##### Input for this task #####
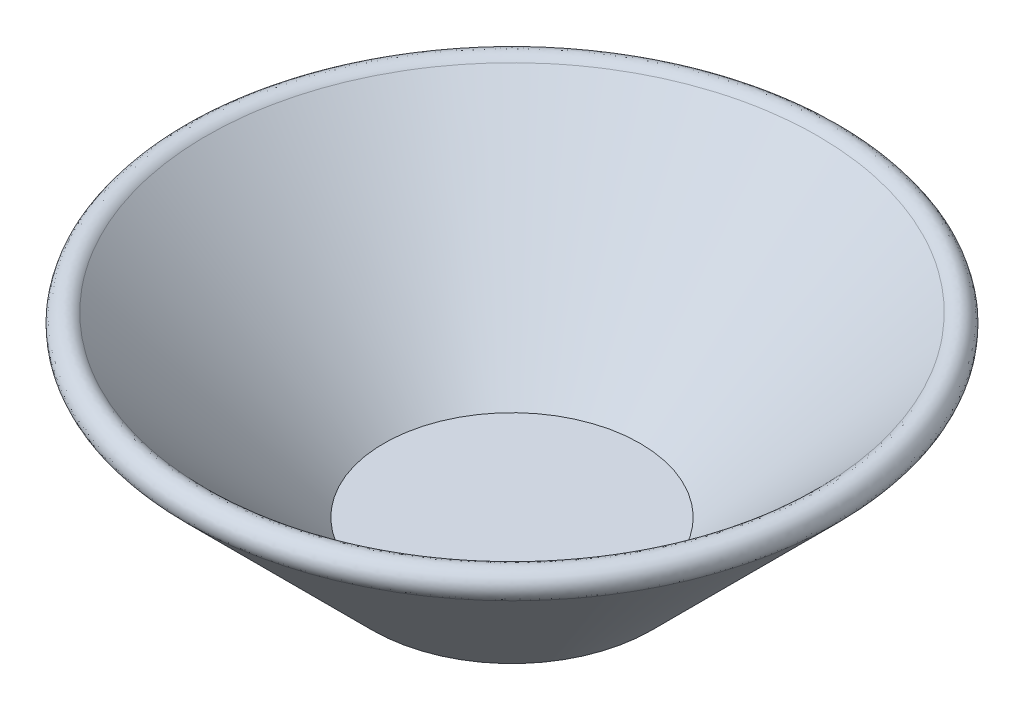
ISO-10303-21;
HEADER;
FILE_DESCRIPTION(('STEP AP214'),'2;1');
FILE_NAME('part.step','',(''),(''),'','','');
FILE_SCHEMA(('AUTOMOTIVE_DESIGN { 1 0 10303 214 1 1 1 1 }'));
ENDSEC;
DATA;
#1=APPLICATION_CONTEXT('core data for automotive mechanical design processes');
#2=APPLICATION_PROTOCOL_DEFINITION('international standard','automotive_design',2000,#1);
#3=PRODUCT_CONTEXT('',#1,'mechanical');
#4=PRODUCT('Part','Part','',(#3));
#5=PRODUCT_RELATED_PRODUCT_CATEGORY('part','',(#4));
#6=PRODUCT_DEFINITION_FORMATION('','',#4);
#7=PRODUCT_DEFINITION_CONTEXT('part definition',#1,'design');
#8=PRODUCT_DEFINITION('design','',#6,#7);
#9=PRODUCT_DEFINITION_SHAPE('','',#8);
#10=(LENGTH_UNIT() NAMED_UNIT(*) SI_UNIT(.MILLI.,.METRE.));
#11=(NAMED_UNIT(*) PLANE_ANGLE_UNIT() SI_UNIT($,.RADIAN.));
#12=(NAMED_UNIT(*) SI_UNIT($,.STERADIAN.) SOLID_ANGLE_UNIT());
#13=UNCERTAINTY_MEASURE_WITH_UNIT(LENGTH_MEASURE(1.E-05),#10,'distance_accuracy_value','');
#14=(GEOMETRIC_REPRESENTATION_CONTEXT(3) GLOBAL_UNCERTAINTY_ASSIGNED_CONTEXT((#13)) GLOBAL_UNIT_ASSIGNED_CONTEXT((#10,
#11,#12)) REPRESENTATION_CONTEXT('',''));
#15=CARTESIAN_POINT('',(0.,0.,0.));
#16=DIRECTION('',(0.,0.,1.));
#17=DIRECTION('',(1.,0.,0.));
#18=AXIS2_PLACEMENT_3D('',#15,#16,#17);
#19=CARTESIAN_POINT('',(-5.91341536482125E-13,7.35355339059327,-10.9393398282202));
#20=CARTESIAN_POINT('',(-1.42937261809624,7.35355339059331,-10.9393398282202));
#21=CARTESIAN_POINT('',(-2.86573600707871,7.35355339059477,-10.6536293861023));
#22=CARTESIAN_POINT('',(-5.50687221946527,7.35355339059177,-9.55963494685363));
#23=CARTESIAN_POINT('',(-6.72456230313676,7.35355339059349,-8.74600044534083));
#24=CARTESIAN_POINT('',(-8.74600044534125,7.35355339059306,-6.72456230313552));
#25=CARTESIAN_POINT('',(-9.55963494686001,7.35355339059446,-5.50687221945731));
#26=CARTESIAN_POINT('',(-10.6536293860968,7.35355339059209,-2.86573600708449));
#27=CARTESIAN_POINT('',(-10.9393398282202,7.35355339059324,-1.42937261809022));
#28=CARTESIAN_POINT('',(-10.9393398282202,7.35355339059331,1.4293726180914));
#29=CARTESIAN_POINT('',(-10.6536293861023,7.35355339059477,2.86573600707871));
#30=CARTESIAN_POINT('',(-9.55963494685363,7.35355339059177,5.50687221946527));
#31=CARTESIAN_POINT('',(-8.74600044533756,7.35355339059238,6.72456230313846));
#32=CARTESIAN_POINT('',(-6.72456230313878,7.35355339059417,8.74600044533955));
#33=CARTESIAN_POINT('',(-5.5068722194581,7.35355339059495,9.55963494686021));
#34=CARTESIAN_POINT('',(-2.86573600708369,7.3535533905916,10.6536293860966));
#35=CARTESIAN_POINT('',(-1.4293726180943,7.35355339059324,10.9393398282202));
#36=CARTESIAN_POINT('',(1.42937261809549,7.35355339059331,10.9393398282202));
#37=CARTESIAN_POINT('',(2.86573600708027,7.35355339059439,10.6536293861012));
#38=CARTESIAN_POINT('',(5.50687221946371,7.35355339059216,9.5596349468547));
#39=CARTESIAN_POINT('',(6.72456230314049,7.35355339059323,8.74600044533674));
#40=CARTESIAN_POINT('',(8.74600044533752,7.35355339059331,6.7245623031396));
#41=CARTESIAN_POINT('',(9.5596349468556,7.35355339059167,5.50687221946066));
#42=CARTESIAN_POINT('',(10.6536293861012,7.35355339059488,2.86573600708111));
#43=CARTESIAN_POINT('',(10.9393398282202,7.35355339059323,1.42937261809618));
#44=CARTESIAN_POINT('',(10.9393398282202,7.35355339059331,-1.42937261809737));
#45=CARTESIAN_POINT('',(10.6536293860994,7.35355339059183,-2.86573600707786));
#46=CARTESIAN_POINT('',(9.55963494685648,7.35355339059472,-5.5068722194661));
#47=CARTESIAN_POINT('',(8.74600044533816,7.35355339059323,-6.72456230313907));
#48=CARTESIAN_POINT('',(6.72456230313818,7.35355339059331,-8.74600044533894));
#49=CARTESIAN_POINT('',(5.50687221946095,7.35355339059347,-9.55963494685743));
#50=CARTESIAN_POINT('',(2.86573600708082,7.35355339059307,-10.6536293860994));
#51=CARTESIAN_POINT('',(1.42937261809505,7.35355339059324,-10.9393398282202));
#52=CARTESIAN_POINT('',(-5.91341536482125E-13,7.35355339059327,-10.9393398282202));
#53=CARTESIAN_POINT('',(-6.05229035295483E-13,7.58925565098879,-11.1750420886157));
#54=CARTESIAN_POINT('',(-1.46061614840998,7.58925565098879,-11.1750420886157));
#55=CARTESIAN_POINT('',(-2.92707009892641,7.58925565098808,-10.883346261667));
#56=CARTESIAN_POINT('',(-5.62593682766633,7.5892556509895,-9.76543905958105));
#57=CARTESIAN_POINT('',(-6.869136457655,7.58925565098808,-8.93475962415693));
#58=CARTESIAN_POINT('',(-8.93475962415636,7.5892556509895,-6.86913645765273));
#59=CARTESIAN_POINT('',(-9.76543905958719,7.58925565098808,-5.62593682766309));
#60=CARTESIAN_POINT('',(-10.8833462616618,7.5892556509895,-2.92707009892742));
#61=CARTESIAN_POINT('',(-11.1750420886157,7.5892556509895,-1.46061614840561));
#62=CARTESIAN_POINT('',(-11.1750420886157,7.58925565098808,1.46061614840682));
#63=CARTESIAN_POINT('',(-10.883346261667,7.58925565098879,2.9270700989257));
#64=CARTESIAN_POINT('',(-9.76543905958105,7.58925565098879,5.62593682766704));
#65=CARTESIAN_POINT('',(-8.93475962415551,7.5892556509895,6.86913645765358));
#66=CARTESIAN_POINT('',(-6.86913645765415,7.58925565098808,8.93475962415778));
#67=CARTESIAN_POINT('',(-5.62593682766238,7.58925565098808,9.76543905958719));
#68=CARTESIAN_POINT('',(-2.92707009892813,7.5892556509895,10.8833462616618));
#69=CARTESIAN_POINT('',(-1.46061614840697,7.5892556509895,11.1750420886157));
#70=CARTESIAN_POINT('',(1.46061614840818,7.58925565098808,11.1750420886157));
#71=CARTESIAN_POINT('',(2.92707009892569,7.58925565098808,10.883346261667));
#72=CARTESIAN_POINT('',(5.62593682766704,7.5892556509895,9.76543905958105));
#73=CARTESIAN_POINT('',(6.869136457655,7.58925565098879,8.93475962415551));
#74=CARTESIAN_POINT('',(8.93475962415636,7.58925565098879,6.86913645765415));
#75=CARTESIAN_POINT('',(9.76543905958293,7.5892556509895,5.62593682766308));
#76=CARTESIAN_POINT('',(10.883346261666,7.58925565098808,2.92707009892741));
#77=CARTESIAN_POINT('',(11.1750420886157,7.5892556509895,1.46061614840759));
#78=CARTESIAN_POINT('',(11.1750420886157,7.58925565098808,-1.46061614840881));
#79=CARTESIAN_POINT('',(10.8833462616641,7.58925565098808,-2.92707009892427));
#80=CARTESIAN_POINT('',(9.76543905958389,7.5892556509895,-5.62593682766845));
#81=CARTESIAN_POINT('',(8.93475962415692,7.5892556509895,-6.86913645765358));
#82=CARTESIAN_POINT('',(6.86913645765273,7.58925565098808,-8.93475962415778));
#83=CARTESIAN_POINT('',(5.6259368276645,7.58925565098879,-9.76543905958435));
#84=CARTESIAN_POINT('',(2.92707009892599,7.58925565098879,-10.8833462616646));
#85=CARTESIAN_POINT('',(1.46061614840877,7.58925565098879,-11.1750420886157));
#86=CARTESIAN_POINT('',(-6.05229035295483E-13,7.58925565098879,-11.1750420886157));
#87=CARTESIAN_POINT('',(-6.32144323908745E-13,7.70710678118655,-11.6464466094068));
#88=CARTESIAN_POINT('',(-1.52310320903637,7.70710678118655,-11.6464466094068));
#89=CARTESIAN_POINT('',(-3.04973828261836,7.70710678118512,-11.3427800127935));
#90=CARTESIAN_POINT('',(-5.86406604407189,7.70710678118796,-10.1770472850387));
#91=CARTESIAN_POINT('',(-7.15828476668834,7.70710678118584,-9.31227798179025));
#92=CARTESIAN_POINT('',(-9.31227798178972,7.70710678118725,-7.15828476668604));
#93=CARTESIAN_POINT('',(-10.1770472850392,7.70710678118442,-5.86406604407002));
#94=CARTESIAN_POINT('',(-11.342780012794,7.70710678118868,-3.0497382826179));
#95=CARTESIAN_POINT('',(-11.6464466094082,7.70710678118938,-1.52310320903397));
#96=CARTESIAN_POINT('',(-11.6464466094053,7.70710678118371,1.52310320903523));
#97=CARTESIAN_POINT('',(-11.3427800127949,7.70710678118584,3.04973828261836));
#98=CARTESIAN_POINT('',(-10.1770472850373,7.70710678118726,5.8640660440719));
#99=CARTESIAN_POINT('',(-9.31227798179167,7.70710678118868,7.15828476668551));
#100=CARTESIAN_POINT('',(-7.15828476668462,7.70710678118442,9.31227798179256));
#101=CARTESIAN_POINT('',(-5.86406604407002,7.70710678118371,10.1770472850378));
#102=CARTESIAN_POINT('',(-3.04973828261791,7.70710678118938,11.3427800127954));
#103=CARTESIAN_POINT('',(-1.52310320903166,7.70710678118938,11.6464466094082));
#104=CARTESIAN_POINT('',(1.52310320903293,7.70710678118371,11.6464466094053));
#105=CARTESIAN_POINT('',(3.04973828261694,7.70710678118442,11.3427800127963));
#106=CARTESIAN_POINT('',(5.86406604407331,7.70710678118868,10.1770472850359));
#107=CARTESIAN_POINT('',(7.15828476668409,7.70710678118655,9.31227798179025));
#108=CARTESIAN_POINT('',(9.31227798179398,7.70710678118655,7.15828476668604));
#109=CARTESIAN_POINT('',(10.1770472850392,7.70710678118938,5.8640660440693));
#110=CARTESIAN_POINT('',(11.342780012794,7.70710678118371,3.04973828261861));
#111=CARTESIAN_POINT('',(11.6464466094082,7.70710678118867,1.52310320903056));
#112=CARTESIAN_POINT('',(11.6464466094053,7.70710678118442,-1.52310320903182));
#113=CARTESIAN_POINT('',(11.3427800127949,7.70710678118654,-3.04973828261835));
#114=CARTESIAN_POINT('',(10.1770472850373,7.70710678118654,-5.86406604407188));
#115=CARTESIAN_POINT('',(9.31227798179734,7.70710678118867,-7.15828476668267));
#116=CARTESIAN_POINT('',(7.15828476667894,7.70710678118442,-9.3122779817954));
#117=CARTESIAN_POINT('',(5.86406604407072,7.70710678118797,-10.1770472850392));
#118=CARTESIAN_POINT('',(3.04973828261718,7.70710678118513,-11.342780012794));
#119=CARTESIAN_POINT('',(1.52310320903511,7.70710678118655,-11.6464466094068));
#120=CARTESIAN_POINT('',(-6.32144323908745E-13,7.70710678118655,-11.6464466094068));
#121=CARTESIAN_POINT('',(-6.51256154101875E-13,7.35355339059327,-12.));
#122=CARTESIAN_POINT('',(-1.56996850450479,7.35355339059327,-12.));
#123=CARTESIAN_POINT('',(-3.14173942038626,7.3535533905954,-11.687355326138));
#124=CARTESIAN_POINT('',(-6.04266295637712,7.35355339059114,-10.4857534541324));
#125=CARTESIAN_POINT('',(-7.3751459984637,7.35355339059185,-9.59541675001347));
#126=CARTESIAN_POINT('',(-9.59541675001438,7.35355339059469,-7.37514599846279));
#127=CARTESIAN_POINT('',(-10.48575345413,7.35355339059185,-6.04266295637451));
#128=CARTESIAN_POINT('',(-11.6873553261414,7.35355339059469,-3.14173942038648));
#129=CARTESIAN_POINT('',(-12.0000000000043,7.35355339059469,-1.5699685045022));
#130=CARTESIAN_POINT('',(-11.9999999999958,7.35355339059185,1.5699685045035));
#131=CARTESIAN_POINT('',(-11.6873553261423,7.3535533905954,3.14173942038697));
#132=CARTESIAN_POINT('',(-10.4857534541281,7.35355339059114,6.04266295637642));
#133=CARTESIAN_POINT('',(-9.5954167500234,7.35355339059185,7.37514599845945));
#134=CARTESIAN_POINT('',(-7.37514599845286,7.35355339059469,9.59541675001864));
#135=CARTESIAN_POINT('',(-6.04266295637309,7.35355339059256,10.4857534541244));
#136=CARTESIAN_POINT('',(-3.1417394203879,7.35355339059398,11.6873553261471));
#137=CARTESIAN_POINT('',(-1.56996850449936,7.35355339059469,12.0000000000043));
#138=CARTESIAN_POINT('',(1.56996850450066,7.35355339059185,11.9999999999958));
#139=CARTESIAN_POINT('',(3.14173942038484,7.35355339059327,11.6873553261409));
#140=CARTESIAN_POINT('',(6.04266295637854,7.35355339059327,10.4857534541296));
#141=CARTESIAN_POINT('',(7.37514599845803,7.35355339059398,9.59541675001915));
#142=CARTESIAN_POINT('',(9.59541675002007,7.35355339059256,7.37514599845712));
#143=CARTESIAN_POINT('',(10.4857534541329,7.35355339059398,6.04266295637308));
#144=CARTESIAN_POINT('',(11.6873553261385,7.35355339059256,3.14173942038789));
#145=CARTESIAN_POINT('',(12.0000000000014,7.35355339059469,1.56996850449792));
#146=CARTESIAN_POINT('',(11.9999999999986,7.35355339059185,-1.56996850449922));
#147=CARTESIAN_POINT('',(11.6873553261437,7.35355339059043,-3.14173942038767));
#148=CARTESIAN_POINT('',(10.4857534541267,7.3535533905961,-6.0426629563757));
#149=CARTESIAN_POINT('',(9.5954167500234,7.35355339059327,-7.37514599845945));
#150=CARTESIAN_POINT('',(7.37514599845286,7.35355339059327,-9.59541675001864));
#151=CARTESIAN_POINT('',(6.04266295637591,7.35355339059469,-10.4857534541286));
#152=CARTESIAN_POINT('',(3.14173942038505,7.35355339059185,-11.6873553261428));
#153=CARTESIAN_POINT('',(1.56996850450349,7.35355339059327,-12.));
#154=CARTESIAN_POINT('',(-6.51256154101875E-13,7.35355339059327,-12.));
#155=CARTESIAN_POINT('',(-6.43452695681744E-13,6.88214886980224,-11.8821488698023));
#156=CARTESIAN_POINT('',(-1.5543467393468,6.88214886980224,-11.8821488698023));
#157=CARTESIAN_POINT('',(-3.11107237446291,6.88214886980579,-11.5724968883603));
#158=CARTESIAN_POINT('',(-5.98313065227609,6.88214886979869,-10.3828513977641));
#159=CARTESIAN_POINT('',(-7.30285892120288,6.88214886980224,-9.5010371606062));
#160=CARTESIAN_POINT('',(-9.50103716060852,6.88214886980224,-7.3028589212034));
#161=CARTESIAN_POINT('',(-10.382851397766,6.88214886980224,-5.98313065227135));
#162=CARTESIAN_POINT('',(-11.5724968883594,6.88214886980224,-3.11107237446528));
#163=CARTESIAN_POINT('',(-11.8821488698023,6.88214886980153,-1.55434673934205));
#164=CARTESIAN_POINT('',(-11.8821488698023,6.88214886980295,1.55434673934333));
#165=CARTESIAN_POINT('',(-11.5724968883603,6.88214886980578,3.11107237446221));
#166=CARTESIAN_POINT('',(-10.3828513977641,6.88214886979869,5.9831306522768));
#167=CARTESIAN_POINT('',(-9.50103716061187,6.8821488697994,7.30285892119721));
#168=CARTESIAN_POINT('',(-7.30285892119772,6.88214886980508,9.50103716061421));
#169=CARTESIAN_POINT('',(-5.98313065227206,6.88214886980365,10.382851397766));
#170=CARTESIAN_POINT('',(-3.11107237446457,6.88214886980081,11.5724968883594));
#171=CARTESIAN_POINT('',(-1.55434673934234,6.88214886980153,11.8821488698023));
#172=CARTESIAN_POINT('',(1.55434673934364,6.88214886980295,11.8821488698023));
#####
→ Required work: What you return should be only the exact lines from the top of the entries through the line with "#11,#12)) REPRESENTATION_CONTEXT('',''));", minus the pictures.

→ Solution for this problem:
ISO-10303-21;
HEADER;
FILE_DESCRIPTION(('STEP AP214'),'2;1');
FILE_NAME('part.step','',(''),(''),'','','');
FILE_SCHEMA(('AUTOMOTIVE_DESIGN { 1 0 10303 214 1 1 1 1 }'));
ENDSEC;
DATA;
#1=APPLICATION_CONTEXT('core data for automotive mechanical design processes');
#2=APPLICATION_PROTOCOL_DEFINITION('international standard','automotive_design',2000,#1);
#3=PRODUCT_CONTEXT('',#1,'mechanical');
#4=PRODUCT('Part','Part','',(#3));
#5=PRODUCT_RELATED_PRODUCT_CATEGORY('part','',(#4));
#6=PRODUCT_DEFINITION_FORMATION('','',#4);
#7=PRODUCT_DEFINITION_CONTEXT('part definition',#1,'design');
#8=PRODUCT_DEFINITION('design','',#6,#7);
#9=PRODUCT_DEFINITION_SHAPE('','',#8);
#10=(LENGTH_UNIT() NAMED_UNIT(*) SI_UNIT(.MILLI.,.METRE.));
#11=(NAMED_UNIT(*) PLANE_ANGLE_UNIT() SI_UNIT($,.RADIAN.));
#12=(NAMED_UNIT(*) SI_UNIT($,.STERADIAN.) SOLID_ANGLE_UNIT());
#13=UNCERTAINTY_MEASURE_WITH_UNIT(LENGTH_MEASURE(1.E-05),#10,'distance_accuracy_value','');
#14=(GEOMETRIC_REPRESENTATION_CONTEXT(3) GLOBAL_UNCERTAINTY_ASSIGNED_CONTEXT((#13)) GLOBAL_UNIT_ASSIGNED_CONTEXT((#10,
#11,#12)) REPRESENTATION_CONTEXT('',''));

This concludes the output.